Она никогда не читала романов, они были ей строго запрещены отцом. С тех пор как Ванессе исполнилось пять лет, в ее воспитании не была упущена ни одна деталь, могущая обеспечить полное подчинение с ее стороны. Вы можете достигнуть какого угодно результата на живых людях, если у вас есть достаточно денег, чтобы нанять подходящих менторов, способных внушить нужные вам идеи в тот период, когда молодой мозг впитывает в себя все, как губка.

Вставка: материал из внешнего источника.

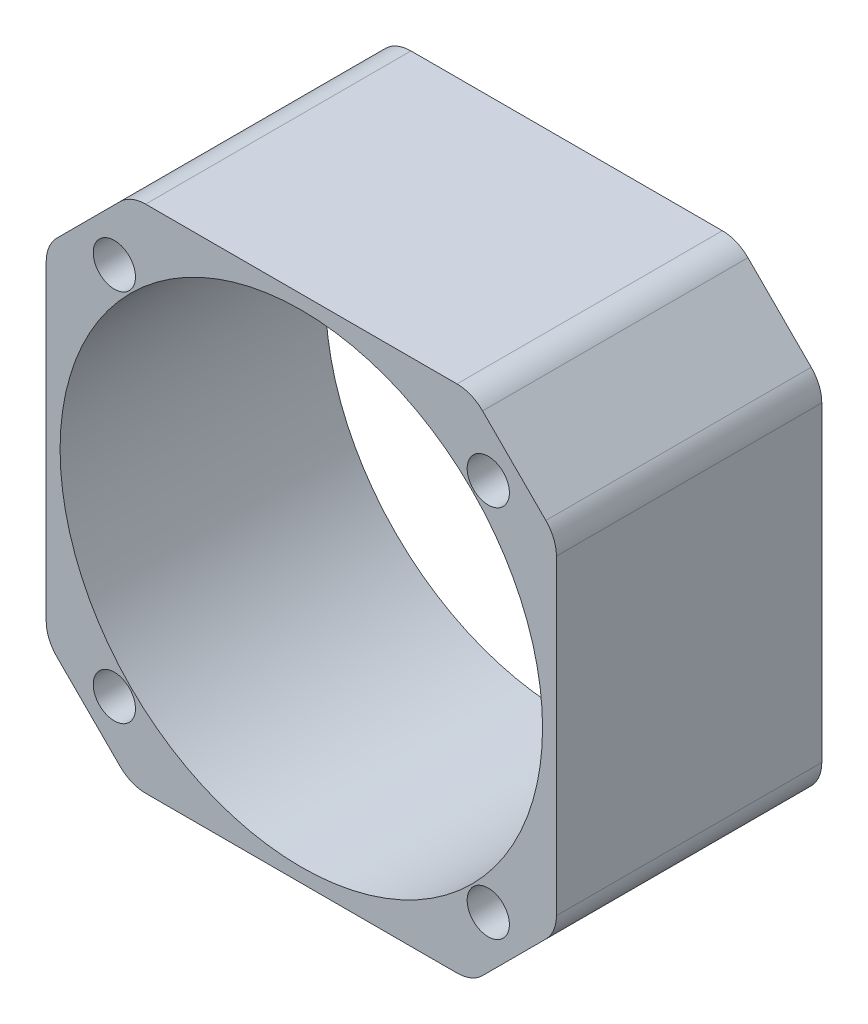
ISO-10303-21;
HEADER;
FILE_DESCRIPTION(('STEP AP214'),'2;1');
FILE_NAME('part.step','',(''),(''),'','','');
FILE_SCHEMA(('AUTOMOTIVE_DESIGN { 1 0 10303 214 1 1 1 1 }'));
ENDSEC;
DATA;
#1=APPLICATION_CONTEXT('core data for automotive mechanical design processes');
#2=APPLICATION_PROTOCOL_DEFINITION('international standard','automotive_design',2000,#1);
#3=PRODUCT_CONTEXT('',#1,'mechanical');
#4=PRODUCT('Part','Part','',(#3));
#5=PRODUCT_RELATED_PRODUCT_CATEGORY('part','',(#4));
#6=PRODUCT_DEFINITION_FORMATION('','',#4);
#7=PRODUCT_DEFINITION_CONTEXT('part definition',#1,'design');
#8=PRODUCT_DEFINITION('design','',#6,#7);
#9=PRODUCT_DEFINITION_SHAPE('','',#8);
#10=(LENGTH_UNIT() NAMED_UNIT(*) SI_UNIT(.MILLI.,.METRE.));
#11=(NAMED_UNIT(*) PLANE_ANGLE_UNIT() SI_UNIT($,.RADIAN.));
#12=(NAMED_UNIT(*) SI_UNIT($,.STERADIAN.) SOLID_ANGLE_UNIT());
#13=UNCERTAINTY_MEASURE_WITH_UNIT(LENGTH_MEASURE(1.E-05),#10,'distance_accuracy_value','');
#14=(GEOMETRIC_REPRESENTATION_CONTEXT(3) GLOBAL_UNCERTAINTY_ASSIGNED_CONTEXT((#13)) GLOBAL_UNIT_ASSIGNED_CONTEXT((#10,
#11,#12)) REPRESENTATION_CONTEXT('',''));
#15=CARTESIAN_POINT('',(0.,0.,0.));
#16=DIRECTION('',(0.,0.,1.));
#17=DIRECTION('',(1.,0.,0.));
#18=AXIS2_PLACEMENT_3D('',#15,#16,#17);
#19=CARTESIAN_POINT('',(21.15,-21.15,22.));
#20=DIRECTION('',(-1.,0.,0.));
#21=DIRECTION('',(0.,0.,1.));
#22=AXIS2_PLACEMENT_3D('',#19,#20,#21);
#23=PLANE('',#22);
#24=DIRECTION('',(0.,1.,0.));
#25=VECTOR('',#24,1.);
#26=CARTESIAN_POINT('',(21.15,-21.15,22.));
#27=LINE('',#26,#25);
#28=CARTESIAN_POINT('',(21.15,-12.9073593128807,22.));
#29=VERTEX_POINT('',#28);
#30=CARTESIAN_POINT('',(21.15,12.9073593128807,22.));
#31=VERTEX_POINT('',#30);
#32=EDGE_CURVE('E263',#29,#31,#27,.T.);
#33=ORIENTED_EDGE('',*,*,#32,.F.);
#34=DIRECTION('',(0.,0.,1.));
#35=VECTOR('',#34,1.);
#36=CARTESIAN_POINT('',(21.15,-12.9073593128807,0.));
#37=LINE('',#36,#35);
#38=CARTESIAN_POINT('',(21.15,-12.9073593128807,0.));
#39=VERTEX_POINT('',#38);
#40=EDGE_CURVE('E212',#29,#39,#37,.F.);
#41=ORIENTED_EDGE('',*,*,#40,.T.);
#42=DIRECTION('',(0.,1.,0.));
#43=VECTOR('',#42,1.);
#44=CARTESIAN_POINT('',(21.15,-21.15,0.));
#45=LINE('',#44,#43);
#46=CARTESIAN_POINT('',(21.15,12.9073593128807,0.));
#47=VERTEX_POINT('',#46);
#48=EDGE_CURVE('E261',#39,#47,#45,.T.);
#49=ORIENTED_EDGE('',*,*,#48,.T.);
#50=DIRECTION('',(0.,0.,-1.));
#51=VECTOR('',#50,1.);
#52=CARTESIAN_POINT('',(21.15,12.9073593128807,22.));
#53=LINE('',#52,#51);
#54=EDGE_CURVE('E209',#47,#31,#53,.F.);
#55=ORIENTED_EDGE('',*,*,#54,.T.);
#56=EDGE_LOOP('',(#33,#41,#49,#55));
#57=FACE_BOUND('',#56,.T.);
#58=ADVANCED_FACE('F32',(#57),#23,.F.);
#59=CARTESIAN_POINT('',(-21.15,21.15,22.));
#60=DIRECTION('',(0.,-1.,0.));
#61=DIRECTION('',(0.,0.,-1.));
#62=AXIS2_PLACEMENT_3D('',#59,#60,#61);
#63=PLANE('',#62);
#64=DIRECTION('',(-1.,0.,0.));
#65=VECTOR('',#64,1.);
#66=CARTESIAN_POINT('',(-21.15,21.15,22.));
#67=LINE('',#66,#65);
#68=CARTESIAN_POINT('',(12.9073593128807,21.15,22.));
#69=VERTEX_POINT('',#68);
#70=CARTESIAN_POINT('',(-12.9073593128807,21.15,22.));
#71=VERTEX_POINT('',#70);
#72=EDGE_CURVE('E295',#69,#71,#67,.T.);
#73=ORIENTED_EDGE('',*,*,#72,.F.);
#74=DIRECTION('',(0.,0.,1.));
#75=VECTOR('',#74,1.);
#76=CARTESIAN_POINT('',(12.9073593128807,21.15,0.));
#77=LINE('',#76,#75);
#78=CARTESIAN_POINT('',(12.9073593128807,21.15,0.));
#79=VERTEX_POINT('',#78);
#80=EDGE_CURVE('E221',#69,#79,#77,.F.);
#81=ORIENTED_EDGE('',*,*,#80,.T.);
#82=DIRECTION('',(-1.,0.,0.));
#83=VECTOR('',#82,1.);
#84=CARTESIAN_POINT('',(-21.15,21.15,0.));
#85=LINE('',#84,#83);
#86=CARTESIAN_POINT('',(-12.9073593128807,21.15,0.));
#87=VERTEX_POINT('',#86);
#88=EDGE_CURVE('E266',#79,#87,#85,.T.);
#89=ORIENTED_EDGE('',*,*,#88,.T.);
#90=DIRECTION('',(0.,0.,-1.));
#91=VECTOR('',#90,1.);
#92=CARTESIAN_POINT('',(-12.9073593128807,21.15,22.));
#93=LINE('',#92,#91);
#94=EDGE_CURVE('E218',#87,#71,#93,.F.);
#95=ORIENTED_EDGE('',*,*,#94,.T.);
#96=EDGE_LOOP('',(#73,#81,#89,#95));
#97=FACE_BOUND('',#96,.T.);
#98=ADVANCED_FACE('F294',(#97),#63,.F.);
#99=CARTESIAN_POINT('',(-21.15,-21.15,22.));
#100=DIRECTION('',(1.,0.,0.));
#101=DIRECTION('',(0.,0.,-1.));
#102=AXIS2_PLACEMENT_3D('',#99,#100,#101);
#103=PLANE('',#102);
#104=DIRECTION('',(0.,-1.,0.));
#105=VECTOR('',#104,1.);
#106=CARTESIAN_POINT('',(-21.15,-21.15,22.));
#107=LINE('',#106,#105);
#108=CARTESIAN_POINT('',(-21.15,12.9073593128807,22.));
#109=VERTEX_POINT('',#108);
#110=CARTESIAN_POINT('',(-21.15,-12.9073593128807,22.));
#111=VERTEX_POINT('',#110);
#112=EDGE_CURVE('E170',#109,#111,#107,.T.);
#113=ORIENTED_EDGE('',*,*,#112,.F.);
#114=DIRECTION('',(0.,0.,1.));
#115=VECTOR('',#114,1.);
#116=CARTESIAN_POINT('',(-21.15,12.9073593128807,0.));
#117=LINE('',#116,#115);
#118=CARTESIAN_POINT('',(-21.15,12.9073593128807,0.));
#119=VERTEX_POINT('',#118);
#120=EDGE_CURVE('E227',#109,#119,#117,.F.);
#121=ORIENTED_EDGE('',*,*,#120,.T.);
#122=DIRECTION('',(0.,-1.,0.));
#123=VECTOR('',#122,1.);
#124=CARTESIAN_POINT('',(-21.15,-21.15,0.));
#125=LINE('',#124,#123);
#126=CARTESIAN_POINT('',(-21.15,-12.9073593128807,0.));
#127=VERTEX_POINT('',#126);
#128=EDGE_CURVE('E270',#119,#127,#125,.T.);
#129=ORIENTED_EDGE('',*,*,#128,.T.);
#130=DIRECTION('',(0.,0.,-1.));
#131=VECTOR('',#130,1.);
#132=CARTESIAN_POINT('',(-21.15,-12.9073593128807,22.));
#133=LINE('',#132,#131);
#134=EDGE_CURVE('E224',#127,#111,#133,.F.);
#135=ORIENTED_EDGE('',*,*,#134,.T.);
#136=EDGE_LOOP('',(#113,#121,#129,#135));
#137=FACE_BOUND('',#136,.T.);
#138=ADVANCED_FACE('F356',(#137),#103,.F.);
#139=CARTESIAN_POINT('',(-21.15,-21.15,22.));
#140=DIRECTION('',(0.,1.,0.));
#141=DIRECTION('',(0.,0.,1.));
#142=AXIS2_PLACEMENT_3D('',#139,#140,#141);
#143=PLANE('',#142);
#144=DIRECTION('',(1.,0.,0.));
#145=VECTOR('',#144,1.);
#146=CARTESIAN_POINT('',(-21.15,-21.15,0.));
#147=LINE('',#146,#145);
#148=CARTESIAN_POINT('',(-12.9073593128807,-21.15,0.));
#149=VERTEX_POINT('',#148);
#150=CARTESIAN_POINT('',(12.9073593128807,-21.15,0.));
#151=VERTEX_POINT('',#150);
#152=EDGE_CURVE('E279',#149,#151,#147,.T.);
#153=ORIENTED_EDGE('',*,*,#152,.T.);
#154=DIRECTION('',(0.,0.,-1.));
#155=VECTOR('',#154,1.);
#156=CARTESIAN_POINT('',(12.9073593128807,-21.15,22.));
#157=LINE('',#156,#155);
#158=CARTESIAN_POINT('',(12.9073593128807,-21.15,22.));
#159=VERTEX_POINT('',#158);
#160=EDGE_CURVE('E168',#151,#159,#157,.F.);
#161=ORIENTED_EDGE('',*,*,#160,.T.);
#162=DIRECTION('',(1.,0.,0.));
#163=VECTOR('',#162,1.);
#164=CARTESIAN_POINT('',(-21.15,-21.15,22.));
#165=LINE('',#164,#163);
#166=CARTESIAN_POINT('',(-12.9073593128807,-21.15,22.));
#167=VERTEX_POINT('',#166);
#168=EDGE_CURVE('E151',#167,#159,#165,.T.);
#169=ORIENTED_EDGE('',*,*,#168,.F.);
#170=DIRECTION('',(0.,0.,1.));
#171=VECTOR('',#170,1.);
#172=CARTESIAN_POINT('',(-12.9073593128807,-21.15,0.));
#173=LINE('',#172,#171);
#174=EDGE_CURVE('E165',#167,#149,#173,.F.);
#175=ORIENTED_EDGE('',*,*,#174,.T.);
#176=EDGE_LOOP('',(#153,#161,#169,#175));
#177=FACE_BOUND('',#176,.T.);
#178=ADVANCED_FACE('F164',(#177),#143,.F.);
#179=CARTESIAN_POINT('',(0.,0.,22.));
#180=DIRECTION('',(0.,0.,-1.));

Однако Вениамин Леви, останавливаясь на лорде Сент-Остеле как на своем будущем зяте, сделал слишком общий расчет и не принял во внимание его индивидуальных особенностей. Он не мог представить себе, чтобы мужчина, обладающий Ванессой, этой замечательной красавицей, не поддался во время медового месяца ее очарованию.
Ванесса же была слишком горда и самолюбива, чтобы довериться кому-нибудь, так что, встретив в день своего приезда в Лондон отца за завтраком, она проявила по отношению к нему обычную уважительность и ничего больше. Почтительность и повиновение, оказываемые всей прислугой Сент-Остеля, придали ей уверенность в себе. И Леви был доволен делом своих рук. Его зять обходился с ним с той же безупречной вежливостью, которую он выказывал ему все время после заключения сделки. То, что его обращение с кузеном, полковником Донгерфилдом, возвратившимся из Парижа, совсем иное, казалось в порядке вещей. Мистер Леви был прежде всего умным человеком и понимал, что будь он сам на месте человека, загнанного в угол, вряд ли он сумел бы вести себя лучше.